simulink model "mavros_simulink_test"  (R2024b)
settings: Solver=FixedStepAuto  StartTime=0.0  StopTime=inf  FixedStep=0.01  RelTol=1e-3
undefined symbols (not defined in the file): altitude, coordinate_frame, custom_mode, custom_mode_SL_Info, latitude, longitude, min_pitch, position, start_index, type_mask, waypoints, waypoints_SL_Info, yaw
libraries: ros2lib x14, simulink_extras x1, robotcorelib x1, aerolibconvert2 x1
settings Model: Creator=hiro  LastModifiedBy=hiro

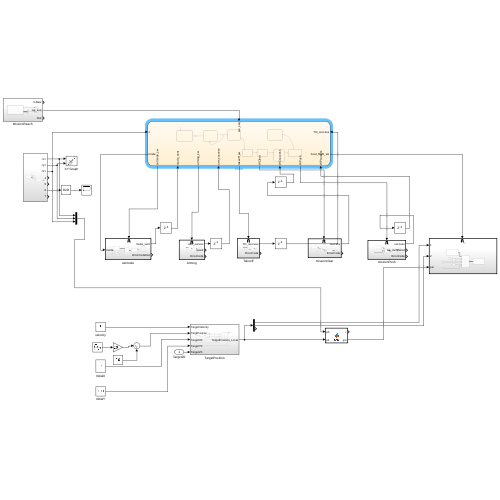
[thumbnail: Simulink's stored preview of the top-level diagram]
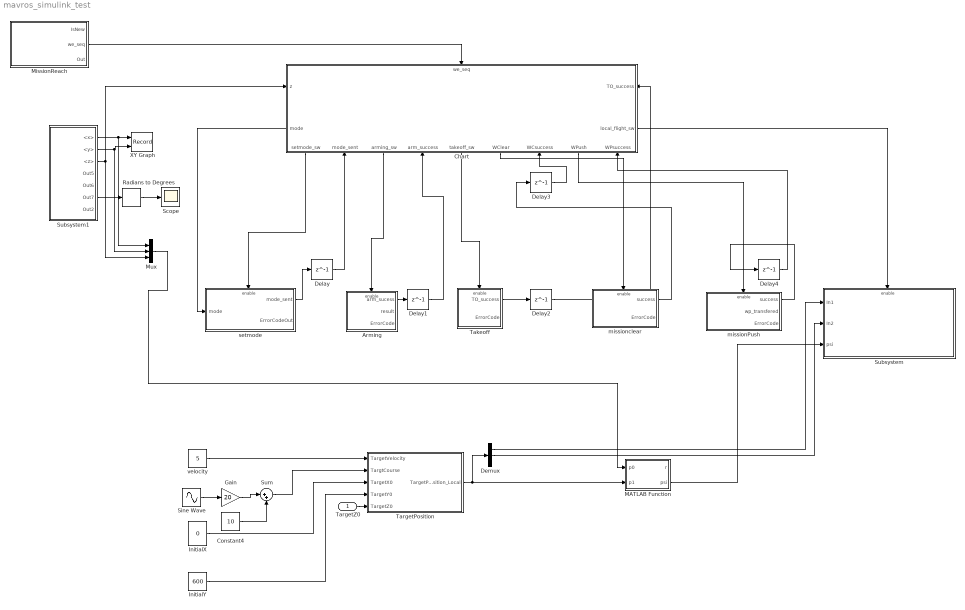
== system mavros_simulink_test ==
  TargetZ0 : Inport
  Arming : Subsystem
  Chart : Stateflow chart  TreatAsAtomicUnit=on
      settings: PortSchema="{\"entries\":[{\"content\":{\"sides\":[{\"content\":{\"connectorIds\":[\"In2\",\"Out1\"]},\"type\":\"ConnectorPlacement.EquallySpacedRectSide\",\"uuid\":\"83bdd756-f1da-4c0c-8304-adf84ef4ab4e\"},{\"content\":{\"connectorIds\":[\"In3\",\"Out2\"],\"side\":\"RIGHT\"},\"type\":\"ConnectorPlacement.EquallySpacedRectSide\",\"uuid\":\"a37bf1db-0ec9-4e4d-8590-be40530fb588\"},{\"content\":{\"connectorIds\":[\"In1\"],\"side\":\"TOP\"},\"type\":\"ConnectorPlacement.EquallySpacedRectSide\",\"uuid\":\"a8adb6fc-024d-410d-a7f4-a90207d0e0c2\"},{\"content\":{\"connectorIds\":[\"Out3\",\"In6\",\"Out4\",\"In7\",\"Out5\",\"Out6\",\"In4\",\"Out7\",\"In5\"],\"side\":\"BOTTOM\"},\"type\":\"ConnectorPlacement.EquallySpacedRectSide\",\"uuid\":\"fe5d25e7-d449-445c-b7fc-97e28e307bb9\"}]},\"type\":\"ConnectorPlacement.EquallySpacedConnector\",\"uuid\":\"da6e0aaf-ad56-47fd-8214-9fe2a8d7ed6f\"}],\"packageUris\":[\"http://schema.mathworks.com/mf0/Connector/R2020b\"],\"version\":\"1.0\"}"
  Constant4 : Constant  Value=10  SampleTime=0
  Delay{,1..4} (5 alike) : Delay  DelayLength=1  InitialCondition=0
  Demux : Demux  Outputs=3
  Gain : Gain  Gain=20
  InitialX : Constant  Value=0
  InitialY : Constant  Value=600
  MATLAB Function : MATLAB Function  TreatAsAtomicUnit=on
  MissionReach : Subsystem
  Mux : Mux  Inputs=3
  Radians to Degrees : simulink_extras/Transformations/Radians to Degrees
  Scope : Scope
  Sine Wave : Sin  Frequency=0.1  SampleTime=0
  Subsystem : Subsystem
  Subsystem1 : Subsystem
  Sum : Sum  Inputs=|++
  Takeoff : Subsystem
  TargetPosition : Subsystem
  XY Graph : Record  FileSettingsInternal="{\"entries\":[{\"content\":{\"excelSettings\":{\"content\":{},\"type\":\"Streamout.ExcelSettings\"}},\"type\":\"Streamout.FileSettingStorage\",\"uuid\":\"\"}],\"packageUris\":[\"http:\\/\\/schema.mathworks.com\\/mf0\\/streamout_blocks\\/R2020a\"],\"version\":\"1.0\"}"  Layout=[1 1]  SignalsInternal="{\"entries\":[{\"content\":{\"signals\":[{\"content\":{\"blockPath\":[],\"dimensions\":[1],\"domain\":\"\",\"lineColor\":\"#a2142f\",\"plots\":[ 1 ],\"port\":1,\"sid\":[\"\"],\"signalID\":1,\"signalName\":\"Subsystem1:1\"},\"type\":\"RecordBlkView.Signal\",\"uuid\":\"\"},{\"content\":{\"blockPath\":[],\"dimensions\":[1],\"domain\":\"\",\"lineColor\":\"#139fff\",\"plots\":[ 1 ],\"port\":2,\"sid\":[\"\"],\"signalID\":2,\"signalName\":\"Subsystem1:2\"},\"type\":\"RecordBlkView.Signal\",\"uuid\":\"\"}]},\"type\":\"RecordBlkView.InputSignals\",\"uuid\":\"\"}],\"packageUris\":[\"http:\\/\\/schema.mathworks.com\\/mf0\\/streamout_blocks\\/R2020a\"],\"version\":\"1.0\"}"  VisualizationBindings="{\"xyplotplugin\":{\"info\":[{\"series\":[{\"bindingParametersList\":[{\"parameter\":\"X-Axis\",\"signalID\":1,\"signalName\":\"Subsystem1:1\"},{\"parameter\":\"Y-Axis\",\"signalID\":2,\"signalName\":\"Subsystem1:2\"}],\"seriesID\":0}],\"subplotID\":1}]}}"  CompatibilityTag=XY
  missionPush : Subsystem
  missionclear : Subsystem
  setmode : Subsystem
  velocity : Constant  Value=5
  wires:
  Chart/2(local_flight_sw) -> Subsystem/Enable
  Subsystem1/1(<x>) -> Mux/1, XY Graph/1
  Subsystem1/2(<y>) -> Mux/2, XY Graph/2
  MATLAB Function/2(psi) -> Subsystem/3(psi)
  Subsystem1/6(Out7) -> Radians to Degrees/1
  Radians to Degrees/1 -> Scope/1
  Chart/3(setmode_sw) -> setmode/Enable
  Chart/4(arming_sw) -> Arming/Enable
  setmode/1(mode_sent) -> Delay/1
  Delay/1 -> Chart/6(mode_sent)
  Chart/1(mode) -> setmode/1(mode)
  Arming/1(arm_sucess) -> Delay1/1
  Delay1/1 -> Chart/7(arm_success)
  Chart/5(takeoff_sw) -> Takeoff/Enable
  Takeoff/1(TO_success) -> Delay2/1
  Delay2/1 -> Chart/3(TO_success)
  Subsystem1/3(<z>) -> Chart/2(z), Mux/3
  Chart/6(WClear) -> missionclear/Enable
  Chart/7(WPush) -> missionPush/Enable
  missionclear/1(success) -> Delay3/1
  missionPush/1(success) -> Delay4/1
  Delay3/1 -> Chart/4(WCsuccess)
  Delay4/1 -> Chart/5(WPsuccess)
  MissionReach/2(we_seq) -> Chart/1(we_seq)
  TargetZ0/1 -> TargetPosition/5(TargetZ0)
  TargetPosition/1(TargetPosition_Local) -> MATLAB Function/2(p1), Demux/1
  Demux/2 -> Subsystem/2(In2)
  Sine Wave/1 -> Gain/1
  Sum/1 -> TargetPosition/2(TargtCourse)
  Demux/1 -> Subsystem/1(In1)
  Constant4/1 -> Sum/2
  InitialX/1 -> TargetPosition/3(TargetX0)
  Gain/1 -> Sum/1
========================================================================
Set down each entry above word for word, without its pictures.

- **Solution for this task**
simulink model "mavros_simulink_test"  (R2024b)
settings: Solver=FixedStepAuto  StartTime=0.0  StopTime=inf  FixedStep=0.01  RelTol=1e-3
undefined symbols (not defined in the file): altitude, coordinate_frame, custom_mode, custom_mode_SL_Info, latitude, longitude, min_pitch, position, start_index, type_mask, waypoints, waypoints_SL_Info, yaw
libraries: ros2lib x14, simulink_extras x1, robotcorelib x1, aerolibconvert2 x1
settings Model: Creator=hiro  LastModifiedBy=hiro

[thumbnail: Simulink's stored preview of the top-level diagram]
== system mavros_simulink_test ==
  TargetZ0 : Inport
  Arming : Subsystem
  Chart : Stateflow chart  TreatAsAtomicUnit=on
      settings: PortSchema="{\"entries\":[{\"content\":{\"sides\":[{\"content\":{\"connectorIds\":[\"In2\",\"Out1\"]},\"type\":\"ConnectorPlacement.EquallySpacedRectSide\",\"uuid\":\"83bdd756-f1da-4c0c-8304-adf84ef4ab4e\"},{\"content\":{\"connectorIds\":[\"In3\",\"Out2\"],\"side\":\"RIGHT\"},\"type\":\"ConnectorPlacement.EquallySpacedRectSide\",\"uuid\":\"a37bf1db-0ec9-4e4d-8590-be40530fb588\"},{\"content\":{\"connectorIds\":[\"In1\"],\"side\":\"TOP\"},\"type\":\"ConnectorPlacement.EquallySpacedRectSide\",\"uuid\":\"a8adb6fc-024d-410d-a7f4-a90207d0e0c2\"},{\"content\":{\"connectorIds\":[\"Out3\",\"In6\",\"Out4\",\"In7\",\"Out5\",\"Out6\",\"In4\",\"Out7\",\"In5\"],\"side\":\"BOTTOM\"},\"type\":\"ConnectorPlacement.EquallySpacedRectSide\",\"uuid\":\"fe5d25e7-d449-445c-b7fc-97e28e307bb9\"}]},\"type\":\"ConnectorPlacement.EquallySpacedConnector\",\"uuid\":\"da6e0aaf-ad56-47fd-8214-9fe2a8d7ed6f\"}],\"packageUris\":[\"http://schema.mathworks.com/mf0/Connector/R2020b\"],\"version\":\"1.0\"}"
  Constant4 : Constant  Value=10  SampleTime=0
  Delay{,1..4} (5 alike) : Delay  DelayLength=1  InitialCondition=0
  Demux : Demux  Outputs=3
  Gain : Gain  Gain=20
  InitialX : Constant  Value=0
  InitialY : Constant  Value=600
  MATLAB Function : MATLAB Function  TreatAsAtomicUnit=on
  MissionReach : Subsystem
  Mux : Mux  Inputs=3
  Radians to Degrees : simulink_extras/Transformations/Radians to Degrees
  Scope : Scope
  Sine Wave : Sin  Frequency=0.1  SampleTime=0
  Subsystem : Subsystem
  Subsystem1 : Subsystem
  Sum : Sum  Inputs=|++
  Takeoff : Subsystem
  TargetPosition : Subsystem
  XY Graph : Record  FileSettingsInternal="{\"entries\":[{\"content\":{\"excelSettings\":{\"content\":{},\"type\":\"Streamout.ExcelSettings\"}},\"type\":\"Streamout.FileSettingStorage\",\"uuid\":\"\"}],\"packageUris\":[\"http:\\/\\/schema.mathworks.com\\/mf0\\/streamout_blocks\\/R2020a\"],\"version\":\"1.0\"}"  Layout=[1 1]  SignalsInternal="{\"entries\":[{\"content\":{\"signals\":[{\"content\":{\"blockPath\":[],\"dimensions\":[1],\"domain\":\"\",\"lineColor\":\"#a2142f\",\"plots\":[ 1 ],\"port\":1,\"sid\":[\"\"],\"signalID\":1,\"signalName\":\"Subsystem1:1\"},\"type\":\"RecordBlkView.Signal\",\"uuid\":\"\"},{\"content\":{\"blockPath\":[],\"dimensions\":[1],\"domain\":\"\",\"lineColor\":\"#139fff\",\"plots\":[ 1 ],\"port\":2,\"sid\":[\"\"],\"signalID\":2,\"signalName\":\"Subsystem1:2\"},\"type\":\"RecordBlkView.Signal\",\"uuid\":\"\"}]},\"type\":\"RecordBlkView.InputSignals\",\"uuid\":\"\"}],\"packageUris\":[\"http:\\/\\/schema.mathworks.com\\/mf0\\/streamout_blocks\\/R2020a\"],\"version\":\"1.0\"}"  VisualizationBindings="{\"xyplotplugin\":{\"info\":[{\"series\":[{\"bindingParametersList\":[{\"parameter\":\"X-Axis\",\"signalID\":1,\"signalName\":\"Subsystem1:1\"},{\"parameter\":\"Y-Axis\",\"signalID\":2,\"signalName\":\"Subsystem1:2\"}],\"seriesID\":0}],\"subplotID\":1}]}}"  CompatibilityTag=XY
  missionPush : Subsystem
  missionclear : Subsystem
  setmode : Subsystem
  velocity : Constant  Value=5
  wires:
  Chart/2(local_flight_sw) -> Subsystem/Enable
  Subsystem1/1(<x>) -> Mux/1, XY Graph/1
  Subsystem1/2(<y>) -> Mux/2, XY Graph/2
  MATLAB Function/2(psi) -> Subsystem/3(psi)
  Subsystem1/6(Out7) -> Radians to Degrees/1
  Radians to Degrees/1 -> Scope/1
  Chart/3(setmode_sw) -> setmode/Enable
  Chart/4(arming_sw) -> Arming/Enable
  setmode/1(mode_sent) -> Delay/1
  Delay/1 -> Chart/6(mode_sent)
  Chart/1(mode) -> setmode/1(mode)
  Arming/1(arm_sucess) -> Delay1/1
  Delay1/1 -> Chart/7(arm_success)
  Chart/5(takeoff_sw) -> Takeoff/Enable
  Takeoff/1(TO_success) -> Delay2/1
  Delay2/1 -> Chart/3(TO_success)
  Subsystem1/3(<z>) -> Chart/2(z), Mux/3
  Chart/6(WClear) -> missionclear/Enable
  Chart/7(WPush) -> missionPush/Enable
  missionclear/1(success) -> Delay3/1
  missionPush/1(success) -> Delay4/1
  Delay3/1 -> Chart/4(WCsuccess)
  Delay4/1 -> Chart/5(WPsuccess)
  MissionReach/2(we_seq) -> Chart/1(we_seq)
  TargetZ0/1 -> TargetPosition/5(TargetZ0)
  TargetPosition/1(TargetPosition_Local) -> MATLAB Function/2(p1), Demux/1
  Demux/2 -> Subsystem/2(In2)
  Sine Wave/1 -> Gain/1
  Sum/1 -> TargetPosition/2(TargtCourse)
  Demux/1 -> Subsystem/1(In1)
  Constant4/1 -> Sum/2
  InitialX/1 -> TargetPosition/3(TargetX0)
  Gain/1 -> Sum/1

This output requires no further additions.